Chinese Song Dynasty female singer

Li Shishi (?-?) was a courtesan(歌妓 / 歌伎 (Jiǎojì)) from Bianjing (now Kaifeng), the capital of the Song Empire. At the time, courtesan refers to women who engaged in the performing arts for a living, and their scope of work included: singing, dancing, reciting poetry and painting during the Northern Song dynasty (960 - 1127). According to Gui Er Ji (貴耳集 (贵耳集, 貴耳集)) written by Zhang Duanyi (张端义 (張端義)), Emperor Huizong was a regular patron of hers. She fled to Zhejiang or Hunan (recorded in Da Song Xuanhe Yishi, 大宋宣和遗事 (大宋宣和遺事)) after the Jingkang Incident of the Jin–Song wars occurred in year 1127 AD, as recorded in Mo Man Lu (墨漫录 (墨漫彔)) by Zhang Bangji (张邦基 (張邦基)).

==Early life==
Born Wang Shishi, her mother died soon after her birth. Her father fed her bean starch to keep her alive. Her father, Wang Yin, was worker in a clothing pigment factory in Bianjing. When Li Shishi was four, her father was jailed for delaying an Imperial textile order. He later died in prison. Li went at first to an orphanage but was later taken in by a courtesan named Li Yun, who owned a song and dance venue. Li Yun changed the girl's surname to Li. (Her given name, Shishi, has Buddhist connotations. Li Shishi was taken to the entertainment district Jinqian Xiang and put to work as a young courtesan.

==As a singer==
Li Shishi was renown for her beauty and artistic abilities.Li Shishi is a famous "little singing(小唱)" female singer in the Northern Song Dynasty. She is at the top of the list. Her representative songs include "Shaonian You(少年游)", "Lanling King(兰陵王)", "Da ming(大酩)" and "Six Ugly(六丑)", all of which were written by Zhou Bangyan. Amongst her admirers were the renowned poet and bureaucrat Zhou Bangyan and the outlaw Song Jiang. Her reputation spread to the Emperor, Huizong, who visited her disguised as a businessman in 1109. Her charm and elegance led him to visit her whenever he could after the meeting. Their relationship became an open secret in Bianjing. Huizong had a tunnel dug from the palace to Li Shishi's house. Some sources relate that Li Shishi moved into the Emperor's palace and was given the title Lady of Ying State and Li Mingfei (李明妃). Part of the story is told in the classic novel, the Water Margin.

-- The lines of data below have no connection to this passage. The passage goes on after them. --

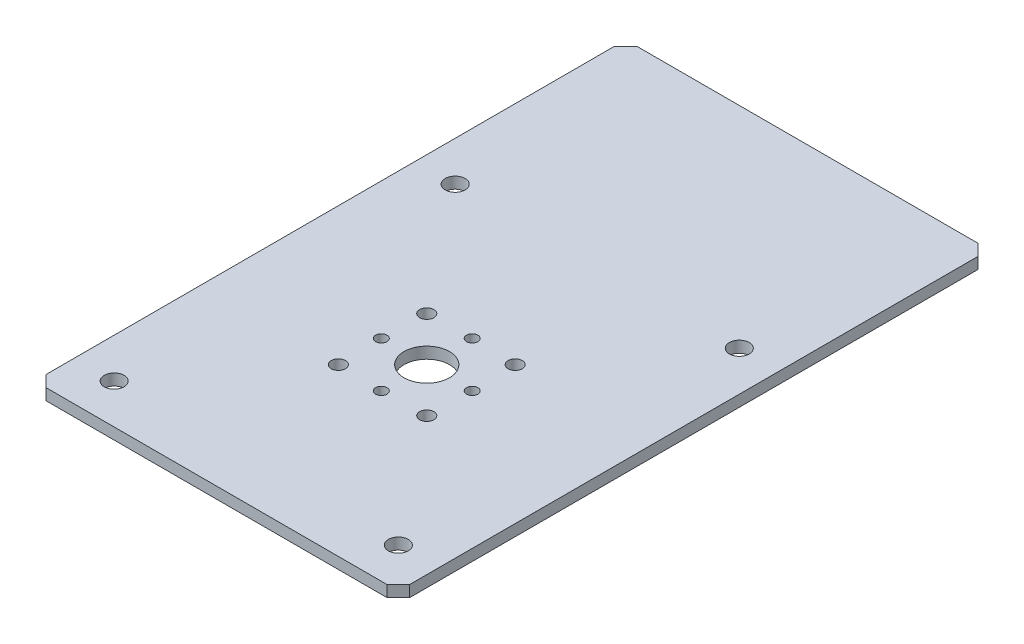
ISO-10303-21;
HEADER;
FILE_DESCRIPTION(('STEP AP214'),'2;1');
FILE_NAME('part.step','',(''),(''),'','','');
FILE_SCHEMA(('AUTOMOTIVE_DESIGN { 1 0 10303 214 1 1 1 1 }'));
ENDSEC;
DATA;
#1=APPLICATION_CONTEXT('core data for automotive mechanical design processes');
#2=APPLICATION_PROTOCOL_DEFINITION('international standard','automotive_design',2000,#1);
#3=PRODUCT_CONTEXT('',#1,'mechanical');
#4=PRODUCT('Part','Part','',(#3));
#5=PRODUCT_RELATED_PRODUCT_CATEGORY('part','',(#4));
#6=PRODUCT_DEFINITION_FORMATION('','',#4);
#7=PRODUCT_DEFINITION_CONTEXT('part definition',#1,'design');
#8=PRODUCT_DEFINITION('design','',#6,#7);
#9=PRODUCT_DEFINITION_SHAPE('','',#8);
#10=(LENGTH_UNIT() NAMED_UNIT(*) SI_UNIT(.MILLI.,.METRE.));
#11=(NAMED_UNIT(*) PLANE_ANGLE_UNIT() SI_UNIT($,.RADIAN.));
#12=(NAMED_UNIT(*) SI_UNIT($,.STERADIAN.) SOLID_ANGLE_UNIT());
#13=UNCERTAINTY_MEASURE_WITH_UNIT(LENGTH_MEASURE(1.E-05),#10,'distance_accuracy_value','');
#14=(GEOMETRIC_REPRESENTATION_CONTEXT(3) GLOBAL_UNCERTAINTY_ASSIGNED_CONTEXT((#13)) GLOBAL_UNIT_ASSIGNED_CONTEXT((#10,
#11,#12)) REPRESENTATION_CONTEXT('',''));
#15=CARTESIAN_POINT('',(0.,0.,0.));
#16=DIRECTION('',(0.,0.,1.));
#17=DIRECTION('',(1.,0.,0.));
#18=AXIS2_PLACEMENT_3D('',#15,#16,#17);
#19=CARTESIAN_POINT('',(-32.,-2.,74.));
#20=DIRECTION('',(0.,1.,0.));
#21=DIRECTION('',(0.,0.,1.));
#22=AXIS2_PLACEMENT_3D('',#19,#20,#21);
#23=PLANE('',#22);
#24=CARTESIAN_POINT('',(7.77817459305199,-2.,44.778174593052));
#25=DIRECTION('',(0.,1.,0.));
#26=DIRECTION('',(0.,0.,1.));
#27=AXIS2_PLACEMENT_3D('',#24,#25,#26);
#28=CIRCLE('',#27,1.25);
#29=CARTESIAN_POINT('',(7.77817459305199,-2.,46.028174593052));
#30=VERTEX_POINT('',#29);
#31=EDGE_CURVE('E167',#30,#30,#28,.F.);
#32=ORIENTED_EDGE('',*,*,#31,.F.);
#33=EDGE_LOOP('',(#32));
#34=FACE_BOUND('',#33,.T.);
#35=CARTESIAN_POINT('',(7.77817459305199,-2.,29.221825406948));
#36=DIRECTION('',(0.,1.,0.));
#37=DIRECTION('',(0.,0.,1.));
#38=AXIS2_PLACEMENT_3D('',#35,#36,#37);
#39=CIRCLE('',#38,1.25);
#40=CARTESIAN_POINT('',(7.77817459305199,-2.,30.471825406948));
#41=VERTEX_POINT('',#40);
#42=EDGE_CURVE('E173',#41,#41,#39,.F.);
#43=ORIENTED_EDGE('',*,*,#42,.F.);
#44=EDGE_LOOP('',(#43));
#45=FACE_BOUND('',#44,.T.);
#46=CARTESIAN_POINT('',(-7.77817459305201,-2.,29.221825406948));
#47=DIRECTION('',(0.,1.,0.));
#48=DIRECTION('',(0.,0.,1.));
#49=AXIS2_PLACEMENT_3D('',#46,#47,#48);
#50=CIRCLE('',#49,1.25);
#51=CARTESIAN_POINT('',(-7.77817459305201,-2.,30.471825406948));
#52=VERTEX_POINT('',#51);
#53=EDGE_CURVE('E179',#52,#52,#50,.F.);
#54=ORIENTED_EDGE('',*,*,#53,.F.);
#55=EDGE_LOOP('',(#54));
#56=FACE_BOUND('',#55,.T.);
#57=CARTESIAN_POINT('',(-7.77817459305201,-2.,44.778174593052));
#58=DIRECTION('',(0.,1.,0.));
#59=DIRECTION('',(0.,0.,1.));
#60=AXIS2_PLACEMENT_3D('',#57,#58,#59);
#61=CIRCLE('',#60,1.25);
#62=CARTESIAN_POINT('',(-7.77817459305201,-2.,46.028174593052));
#63=VERTEX_POINT('',#62);
#64=EDGE_CURVE('E185',#63,#63,#61,.F.);
#65=ORIENTED_EDGE('',*,*,#64,.F.);
#66=EDGE_LOOP('',(#65));
#67=FACE_BOUND('',#66,.T.);
#68=CARTESIAN_POINT('',(0.,-2.,29.));
#69=DIRECTION('',(0.,1.,0.));
#70=DIRECTION('',(0.,0.,1.));
#71=AXIS2_PLACEMENT_3D('',#68,#69,#70);
#72=CIRCLE('',#71,1.);
#73=CARTESIAN_POINT('',(0.,-2.,30.));
#74=VERTEX_POINT('',#73);
#75=EDGE_CURVE('E191',#74,#74,#72,.F.);
#76=ORIENTED_EDGE('',*,*,#75,.F.);
#77=EDGE_LOOP('',(#76));
#78=FACE_BOUND('',#77,.T.);
#79=CARTESIAN_POINT('',(0.,-2.,45.));
#80=DIRECTION('',(0.,1.,0.));
#81=DIRECTION('',(0.,0.,1.));
#82=AXIS2_PLACEMENT_3D('',#79,#80,#81);
#83=CIRCLE('',#82,0.999999999999992);
#84=CARTESIAN_POINT('',(0.,-2.,46.));
#85=VERTEX_POINT('',#84);
#86=EDGE_CURVE('E197',#85,#85,#83,.F.);
#87=ORIENTED_EDGE('',*,*,#86,.F.);
#88=EDGE_LOOP('',(#87));
#89=FACE_BOUND('',#88,.T.);
#90=CARTESIAN_POINT('',(7.99999999999999,-2.,37.));
#91=DIRECTION('',(0.,1.,0.));
#92=DIRECTION('',(0.,0.,1.));
#93=AXIS2_PLACEMENT_3D('',#90,#91,#92);
#94=CIRCLE('',#93,1.00000000000001);
#95=CARTESIAN_POINT('',(7.99999999999999,-2.,38.));
#96=VERTEX_POINT('',#95);
#97=EDGE_CURVE('E203',#96,#96,#94,.F.);
#98=ORIENTED_EDGE('',*,*,#97,.F.);
#99=EDGE_LOOP('',(#98));
#100=FACE_BOUND('',#99,.T.);
#101=CARTESIAN_POINT('',(-8.00000000000001,-2.,37.));
#102=DIRECTION('',(0.,1.,0.));
#103=DIRECTION('',(0.,0.,1.));
#104=AXIS2_PLACEMENT_3D('',#101,#102,#103);
#105=CIRCLE('',#104,1.00000000000001);
#106=CARTESIAN_POINT('',(-8.00000000000001,-2.,38.));
#107=VERTEX_POINT('',#106);
#108=EDGE_CURVE('E209',#107,#107,#105,.F.);
#109=ORIENTED_EDGE('',*,*,#108,.F.);
#110=EDGE_LOOP('',(#109));
#111=FACE_BOUND('',#110,.T.);
#112=CARTESIAN_POINT('',(0.,-2.,37.));
#113=DIRECTION('',(0.,1.,0.));
#114=DIRECTION('',(0.,0.,1.));
#115=AXIS2_PLACEMENT_3D('',#112,#113,#114);
#116=CIRCLE('',#115,4.00000000000001);
#117=CARTESIAN_POINT('',(0.,-2.,41.));
#118=VERTEX_POINT('',#117);
#119=EDGE_CURVE('E215',#118,#118,#116,.F.);
#120=ORIENTED_EDGE('',*,*,#119,.F.);
#121=EDGE_LOOP('',(#120));
#122=FACE_BOUND('',#121,.T.);
#123=CARTESIAN_POINT('',(25.,-2.,7.00000000000001));
#124=DIRECTION('',(0.,1.,0.));
#125=DIRECTION('',(0.,0.,1.));
#126=AXIS2_PLACEMENT_3D('',#123,#124,#125);
#127=CIRCLE('',#126,1.75);
#128=CARTESIAN_POINT('',(25.,-2.,8.75000000000001));
#129=VERTEX_POINT('',#128);
#130=EDGE_CURVE('E221',#129,#129,#127,.T.);
#131=ORIENTED_EDGE('',*,*,#130,.T.);
#132=EDGE_LOOP('',(#131));
#133=FACE_BOUND('',#132,.T.);
#134=CARTESIAN_POINT('',(25.,-2.,67.));
#135=DIRECTION('',(0.,1.,0.));
#136=DIRECTION('',(0.,0.,1.));
#137=AXIS2_PLACEMENT_3D('',#134,#135,#136);
#138=CIRCLE('',#137,1.75);
#139=CARTESIAN_POINT('',(25.,-2.,68.75));
#140=VERTEX_POINT('',#139);
#141=EDGE_CURVE('E227',#140,#140,#138,.T.);
#142=ORIENTED_EDGE('',*,*,#141,.T.);
#143=EDGE_LOOP('',(#142));
#144=FACE_BOUND('',#143,.T.);
#145=CARTESIAN_POINT('',(-25.,-2.,67.));
#146=DIRECTION('',(0.,1.,0.));
#147=DIRECTION('',(0.,0.,1.));
#148=AXIS2_PLACEMENT_3D('',#145,#146,#147);
#149=CIRCLE('',#148,1.75);
#150=CARTESIAN_POINT('',(-25.,-2.,68.75));
#151=VERTEX_POINT('',#150);
#152=EDGE_CURVE('E233',#151,#151,#149,.T.);
#153=ORIENTED_EDGE('',*,*,#152,.T.);
#154=EDGE_LOOP('',(#153));
#155=FACE_BOUND('',#154,.T.);
#156=CARTESIAN_POINT('',(-25.,-2.,7.00000000000001));
#157=DIRECTION('',(0.,1.,0.));
#158=DIRECTION('',(0.,0.,1.));
#159=AXIS2_PLACEMENT_3D('',#156,#157,#158);
#160=CIRCLE('',#159,1.75);
#161=CARTESIAN_POINT('',(-25.,-2.,8.75000000000001));
#162=VERTEX_POINT('',#161);
#163=EDGE_CURVE('E239',#162,#162,#160,.T.);
#164=ORIENTED_EDGE('',*,*,#163,.T.);
#165=EDGE_LOOP('',(#164));
#166=FACE_BOUND('',#165,.T.);
#167=DIRECTION('',(-1.,0.,0.));
#168=VECTOR('',#167,1.);
#169=CARTESIAN_POINT('',(-32.,-2.,-30.));
#170=LINE('',#169,#168);
#171=CARTESIAN_POINT('',(30.,-2.,-30.));
#172=VERTEX_POINT('',#171);
#173=CARTESIAN_POINT('',(-30.,-2.,-30.));
#174=VERTEX_POINT('',#173);
#175=EDGE_CURVE('E151',#172,#174,#170,.T.);
#176=ORIENTED_EDGE('',*,*,#175,.F.);
#177=DIRECTION('',(-0.707106781186548,0.,-0.707106781186548));
#178=VECTOR('',#177,1.);
#179=CARTESIAN_POINT('',(32.,-2.,-28.));
#180=LINE('',#179,#178);
#181=CARTESIAN_POINT('',(32.,-2.,-28.));
#182=VERTEX_POINT('',#181);
#183=EDGE_CURVE('E42',#172,#182,#180,.F.);
#184=ORIENTED_EDGE('',*,*,#183,.T.);
#185=DIRECTION('',(0.,0.,-1.));
#186=VECTOR('',#185,1.);
#187=CARTESIAN_POINT('',(32.,-2.,74.));
#188=LINE('',#187,#186);
#189=CARTESIAN_POINT('',(32.,-2.,72.));
#190=VERTEX_POINT('',#189);
#191=EDGE_CURVE('E122',#190,#182,#188,.T.);
#192=ORIENTED_EDGE('',*,*,#191,.F.);
#193=DIRECTION('',(-0.70710678118655,0.,0.707106781186545));
#194=VECTOR('',#193,1.);
#195=CARTESIAN_POINT('',(32.,-2.,72.));
#196=LINE('',#195,#194);
#197=CARTESIAN_POINT('',(30.,-2.,74.));
#198=VERTEX_POINT('',#197);
#199=EDGE_CURVE('E126',#190,#198,#196,.T.);
#200=ORIENTED_EDGE('',*,*,#199,.T.);
#201=DIRECTION('',(1.,0.,0.));
#202=VECTOR('',#201,1.);
#203=CARTESIAN_POINT('',(-32.,-2.,74.));
#204=LINE('',#203,#202);
#205=CARTESIAN_POINT('',(-30.,-2.,74.));
#206=VERTEX_POINT('',#205);
#207=EDGE_CURVE('E242',#206,#198,#204,.T.);
#208=ORIENTED_EDGE('',*,*,#207,.F.);
#209=DIRECTION('',(-0.70710678118655,0.,-0.707106781186545));
#210=VECTOR('',#209,1.);
#211=CARTESIAN_POINT('',(-32.,-2.,72.));
#212=LINE('',#211,#210);
#213=CARTESIAN_POINT('',(-32.,-2.,72.));
#214=VERTEX_POINT('',#213);
#215=EDGE_CURVE('E127',#206,#214,#212,.T.);
#216=ORIENTED_EDGE('',*,*,#215,.T.);
#217=DIRECTION('',(0.,0.,-1.));
#218=VECTOR('',#217,1.);
#219=CARTESIAN_POINT('',(-32.,-2.,74.));
#220=LINE('',#219,#218);
#221=CARTESIAN_POINT('',(-32.,-2.,-28.));
#222=VERTEX_POINT('',#221);
#223=EDGE_CURVE('E246',#214,#222,#220,.T.);
#224=ORIENTED_EDGE('',*,*,#223,.T.);
#225=DIRECTION('',(-0.707106781186548,0.,0.707106781186548));
#226=VECTOR('',#225,1.);
#227=CARTESIAN_POINT('',(-30.,-2.,-30.));
#228=LINE('',#227,#226);
#229=EDGE_CURVE('E54',#222,#174,#228,.F.);
#230=ORIENTED_EDGE('',*,*,#229,.T.);
#231=EDGE_LOOP('',(#176,#184,#192,#200,#208,#216,#224,#230));
#232=FACE_BOUND('',#231,.T.);
#233=ADVANCED_FACE('F34',(#34,#45,#56,#67,#78,#89,#100,#111,#122,#133,#144,#155,#166,#232),#23,.F.);
#234=CARTESIAN_POINT('',(32.,0.,74.));
#235=DIRECTION('',(1.,0.,0.));
#236=DIRECTION('',(0.,0.,-1.));
#237=AXIS2_PLACEMENT_3D('',#234,#235,#236);
#238=PLANE('',#237);
#239=ORIENTED_EDGE('',*,*,#191,.T.);
#240=DIRECTION('',(0.,1.,0.));
#241=VECTOR('',#240,1.);
#242=CARTESIAN_POINT('',(32.,0.,-28.));
#243=LINE('',#242,#241);
#244=CARTESIAN_POINT('',(32.,0.,-28.));
#245=VERTEX_POINT('',#244);
#246=EDGE_CURVE('E121',#182,#245,#243,.T.);
#247=ORIENTED_EDGE('',*,*,#246,.T.);
#248=DIRECTION('',(0.,0.,-1.));
#249=VECTOR('',#248,1.);
#250=CARTESIAN_POINT('',(32.,0.,74.));
#251=LINE('',#250,#249);
#252=CARTESIAN_POINT('',(32.,0.,72.));
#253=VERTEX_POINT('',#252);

In 1126 Huizong took responsibility for overwhelming losses during the Jin–Song Wars and abdicated in favour of his eldest son Zhao Huan (Emperor Qinzong). Realising she was in a precarious position, Li Shishi donated all the gifts from Huizong to the army who were putting up a valiant defence, and requested the Emperor's permission to become a Daoist nun. In 1127 Bianjing was overrun by the Jin army. Huizong and his court was captured and Huizong later died, ending the Northern Song dynasty. Li is reported to have fled south, although other accounts give that she committed suicide by swallowing a gold hairpin after she was offered to a Jin commander.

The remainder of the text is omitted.